Beginning at the first line of the data, print each line exactly, stopping after the line that contains "settings SFSimCC: SimUseLocalCustomCode=off".

*** Records provided ***

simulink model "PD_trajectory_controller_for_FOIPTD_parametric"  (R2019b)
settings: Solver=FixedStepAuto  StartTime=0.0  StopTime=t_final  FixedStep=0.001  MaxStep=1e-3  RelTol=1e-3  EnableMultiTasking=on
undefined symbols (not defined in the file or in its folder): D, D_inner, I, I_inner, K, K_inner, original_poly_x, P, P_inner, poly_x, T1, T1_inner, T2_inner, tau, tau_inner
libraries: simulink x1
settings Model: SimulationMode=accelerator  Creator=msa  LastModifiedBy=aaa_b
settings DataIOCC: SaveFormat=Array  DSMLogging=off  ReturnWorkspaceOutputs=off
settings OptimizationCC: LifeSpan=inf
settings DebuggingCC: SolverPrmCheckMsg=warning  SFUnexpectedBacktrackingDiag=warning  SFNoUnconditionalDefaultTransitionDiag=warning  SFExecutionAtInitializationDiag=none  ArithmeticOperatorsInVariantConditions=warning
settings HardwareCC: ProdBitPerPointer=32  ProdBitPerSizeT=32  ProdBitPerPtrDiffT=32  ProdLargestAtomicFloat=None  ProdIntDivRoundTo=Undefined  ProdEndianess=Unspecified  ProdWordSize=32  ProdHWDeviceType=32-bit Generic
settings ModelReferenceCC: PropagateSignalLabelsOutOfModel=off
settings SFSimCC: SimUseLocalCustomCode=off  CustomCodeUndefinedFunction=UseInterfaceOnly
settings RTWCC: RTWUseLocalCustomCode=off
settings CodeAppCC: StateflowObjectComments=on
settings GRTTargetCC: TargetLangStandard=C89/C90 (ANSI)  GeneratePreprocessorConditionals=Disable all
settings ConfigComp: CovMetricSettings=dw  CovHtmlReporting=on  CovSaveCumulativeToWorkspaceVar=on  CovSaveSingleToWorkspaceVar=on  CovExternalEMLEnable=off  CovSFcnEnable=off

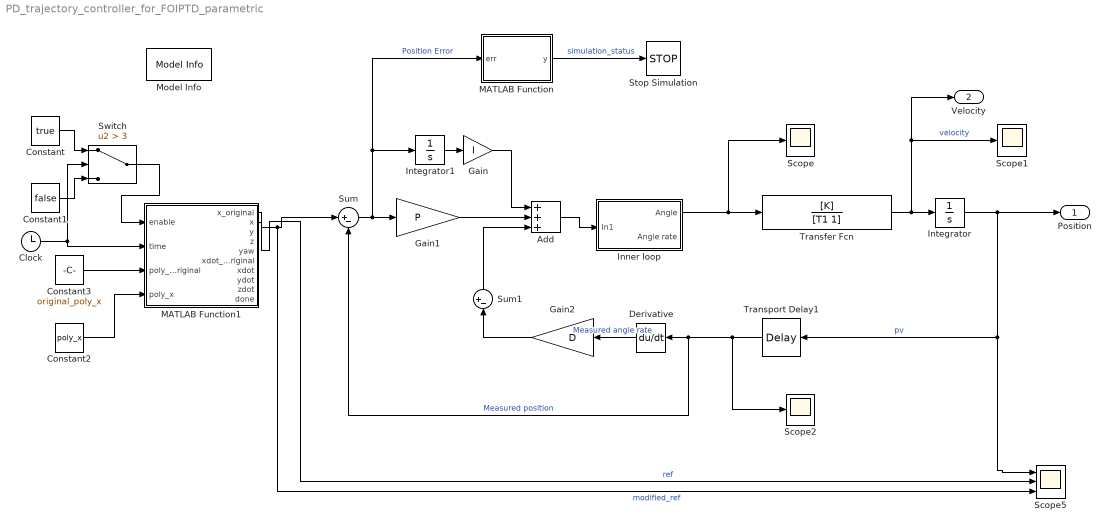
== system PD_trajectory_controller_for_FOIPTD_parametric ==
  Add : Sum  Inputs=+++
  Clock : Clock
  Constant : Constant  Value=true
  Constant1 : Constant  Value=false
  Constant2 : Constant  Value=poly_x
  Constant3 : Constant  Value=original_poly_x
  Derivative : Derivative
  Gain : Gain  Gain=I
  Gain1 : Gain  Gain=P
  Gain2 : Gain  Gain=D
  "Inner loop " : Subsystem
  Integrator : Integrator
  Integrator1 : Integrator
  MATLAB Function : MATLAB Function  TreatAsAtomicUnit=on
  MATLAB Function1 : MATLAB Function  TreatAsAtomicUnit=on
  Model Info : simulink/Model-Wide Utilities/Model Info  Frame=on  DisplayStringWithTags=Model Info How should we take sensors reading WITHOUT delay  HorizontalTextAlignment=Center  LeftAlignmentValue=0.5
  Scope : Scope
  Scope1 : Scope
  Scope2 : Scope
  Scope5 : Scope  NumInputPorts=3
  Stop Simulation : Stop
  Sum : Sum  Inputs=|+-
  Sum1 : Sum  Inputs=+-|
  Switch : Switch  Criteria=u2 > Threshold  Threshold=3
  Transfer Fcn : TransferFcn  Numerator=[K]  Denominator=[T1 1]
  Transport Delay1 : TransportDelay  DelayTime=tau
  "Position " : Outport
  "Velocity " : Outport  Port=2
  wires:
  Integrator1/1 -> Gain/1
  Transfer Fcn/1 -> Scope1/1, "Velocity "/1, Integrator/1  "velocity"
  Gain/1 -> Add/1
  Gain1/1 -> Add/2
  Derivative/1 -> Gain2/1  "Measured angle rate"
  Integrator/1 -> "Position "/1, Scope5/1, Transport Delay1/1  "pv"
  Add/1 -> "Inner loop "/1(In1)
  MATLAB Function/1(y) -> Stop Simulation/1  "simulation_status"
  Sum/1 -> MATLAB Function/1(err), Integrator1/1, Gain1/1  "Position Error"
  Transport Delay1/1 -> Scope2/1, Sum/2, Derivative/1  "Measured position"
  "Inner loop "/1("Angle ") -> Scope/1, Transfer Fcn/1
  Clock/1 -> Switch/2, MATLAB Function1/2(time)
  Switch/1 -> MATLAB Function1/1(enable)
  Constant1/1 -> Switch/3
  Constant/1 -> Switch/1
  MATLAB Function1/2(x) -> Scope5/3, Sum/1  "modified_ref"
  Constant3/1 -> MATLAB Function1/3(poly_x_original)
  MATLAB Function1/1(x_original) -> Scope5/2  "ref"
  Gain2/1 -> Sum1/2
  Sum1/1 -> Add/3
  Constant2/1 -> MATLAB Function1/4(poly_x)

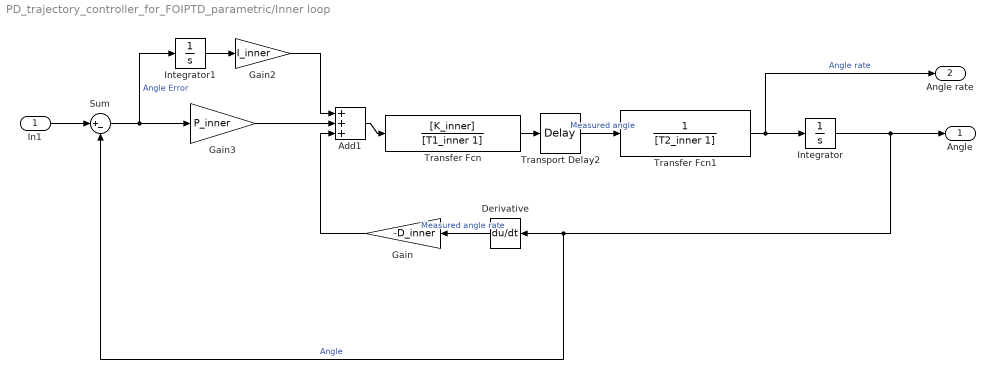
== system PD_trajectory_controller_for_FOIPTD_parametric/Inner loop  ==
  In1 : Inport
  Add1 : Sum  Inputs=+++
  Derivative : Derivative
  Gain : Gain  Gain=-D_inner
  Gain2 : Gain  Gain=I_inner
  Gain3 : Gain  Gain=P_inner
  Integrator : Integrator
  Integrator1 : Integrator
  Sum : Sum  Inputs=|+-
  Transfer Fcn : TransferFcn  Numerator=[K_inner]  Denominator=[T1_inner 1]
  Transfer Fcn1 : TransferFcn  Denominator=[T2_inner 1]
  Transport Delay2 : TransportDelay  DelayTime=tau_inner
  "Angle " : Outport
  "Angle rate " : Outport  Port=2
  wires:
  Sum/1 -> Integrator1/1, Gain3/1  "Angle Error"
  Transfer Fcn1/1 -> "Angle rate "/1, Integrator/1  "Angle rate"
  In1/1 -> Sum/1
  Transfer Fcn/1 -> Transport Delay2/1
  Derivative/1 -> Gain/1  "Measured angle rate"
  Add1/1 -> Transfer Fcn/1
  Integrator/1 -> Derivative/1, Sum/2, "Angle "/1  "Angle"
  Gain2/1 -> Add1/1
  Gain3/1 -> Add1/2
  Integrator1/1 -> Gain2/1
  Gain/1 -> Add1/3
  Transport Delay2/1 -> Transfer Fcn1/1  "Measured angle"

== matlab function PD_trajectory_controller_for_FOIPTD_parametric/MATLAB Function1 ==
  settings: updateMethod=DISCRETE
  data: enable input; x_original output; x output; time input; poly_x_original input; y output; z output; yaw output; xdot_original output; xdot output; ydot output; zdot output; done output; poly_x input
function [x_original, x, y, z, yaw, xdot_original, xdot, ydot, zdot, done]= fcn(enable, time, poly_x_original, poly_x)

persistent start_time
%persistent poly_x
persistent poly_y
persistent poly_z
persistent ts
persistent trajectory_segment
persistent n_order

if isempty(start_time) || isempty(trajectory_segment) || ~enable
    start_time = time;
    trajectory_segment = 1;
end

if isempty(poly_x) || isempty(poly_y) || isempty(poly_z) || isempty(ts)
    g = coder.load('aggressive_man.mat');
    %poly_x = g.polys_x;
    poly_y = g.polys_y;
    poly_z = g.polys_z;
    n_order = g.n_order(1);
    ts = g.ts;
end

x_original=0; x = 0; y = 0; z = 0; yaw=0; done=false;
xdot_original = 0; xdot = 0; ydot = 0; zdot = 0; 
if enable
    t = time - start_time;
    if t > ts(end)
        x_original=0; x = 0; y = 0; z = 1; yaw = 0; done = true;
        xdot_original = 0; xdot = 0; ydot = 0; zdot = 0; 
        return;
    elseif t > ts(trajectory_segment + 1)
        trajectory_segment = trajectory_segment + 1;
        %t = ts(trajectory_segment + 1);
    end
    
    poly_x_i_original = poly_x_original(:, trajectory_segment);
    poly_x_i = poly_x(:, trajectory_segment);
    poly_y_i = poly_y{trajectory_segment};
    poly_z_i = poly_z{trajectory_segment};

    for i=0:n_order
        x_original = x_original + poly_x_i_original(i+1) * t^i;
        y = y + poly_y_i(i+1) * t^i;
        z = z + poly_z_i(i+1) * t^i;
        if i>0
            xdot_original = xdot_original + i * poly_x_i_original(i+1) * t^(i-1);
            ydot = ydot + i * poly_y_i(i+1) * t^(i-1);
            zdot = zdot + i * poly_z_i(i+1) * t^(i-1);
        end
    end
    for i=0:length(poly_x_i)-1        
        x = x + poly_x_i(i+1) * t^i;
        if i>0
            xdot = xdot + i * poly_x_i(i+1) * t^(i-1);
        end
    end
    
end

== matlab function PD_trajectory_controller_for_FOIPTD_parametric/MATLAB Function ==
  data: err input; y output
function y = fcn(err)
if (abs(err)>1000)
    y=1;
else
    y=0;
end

*** End of Records provided ***

Task answer:
simulink model "PD_trajectory_controller_for_FOIPTD_parametric"  (R2019b)
settings: Solver=FixedStepAuto  StartTime=0.0  StopTime=t_final  FixedStep=0.001  MaxStep=1e-3  RelTol=1e-3  EnableMultiTasking=on
undefined symbols (not defined in the file or in its folder): D, D_inner, I, I_inner, K, K_inner, original_poly_x, P, P_inner, poly_x, T1, T1_inner, T2_inner, tau, tau_inner
libraries: simulink x1
settings Model: SimulationMode=accelerator  Creator=msa  LastModifiedBy=aaa_b
settings DataIOCC: SaveFormat=Array  DSMLogging=off  ReturnWorkspaceOutputs=off
settings OptimizationCC: LifeSpan=inf
settings DebuggingCC: SolverPrmCheckMsg=warning  SFUnexpectedBacktrackingDiag=warning  SFNoUnconditionalDefaultTransitionDiag=warning  SFExecutionAtInitializationDiag=none  ArithmeticOperatorsInVariantConditions=warning
settings HardwareCC: ProdBitPerPointer=32  ProdBitPerSizeT=32  ProdBitPerPtrDiffT=32  ProdLargestAtomicFloat=None  ProdIntDivRoundTo=Undefined  ProdEndianess=Unspecified  ProdWordSize=32  ProdHWDeviceType=32-bit Generic
settings ModelReferenceCC: PropagateSignalLabelsOutOfModel=off
settings SFSimCC: SimUseLocalCustomCode=off  CustomCodeUndefinedFunction=UseInterfaceOnly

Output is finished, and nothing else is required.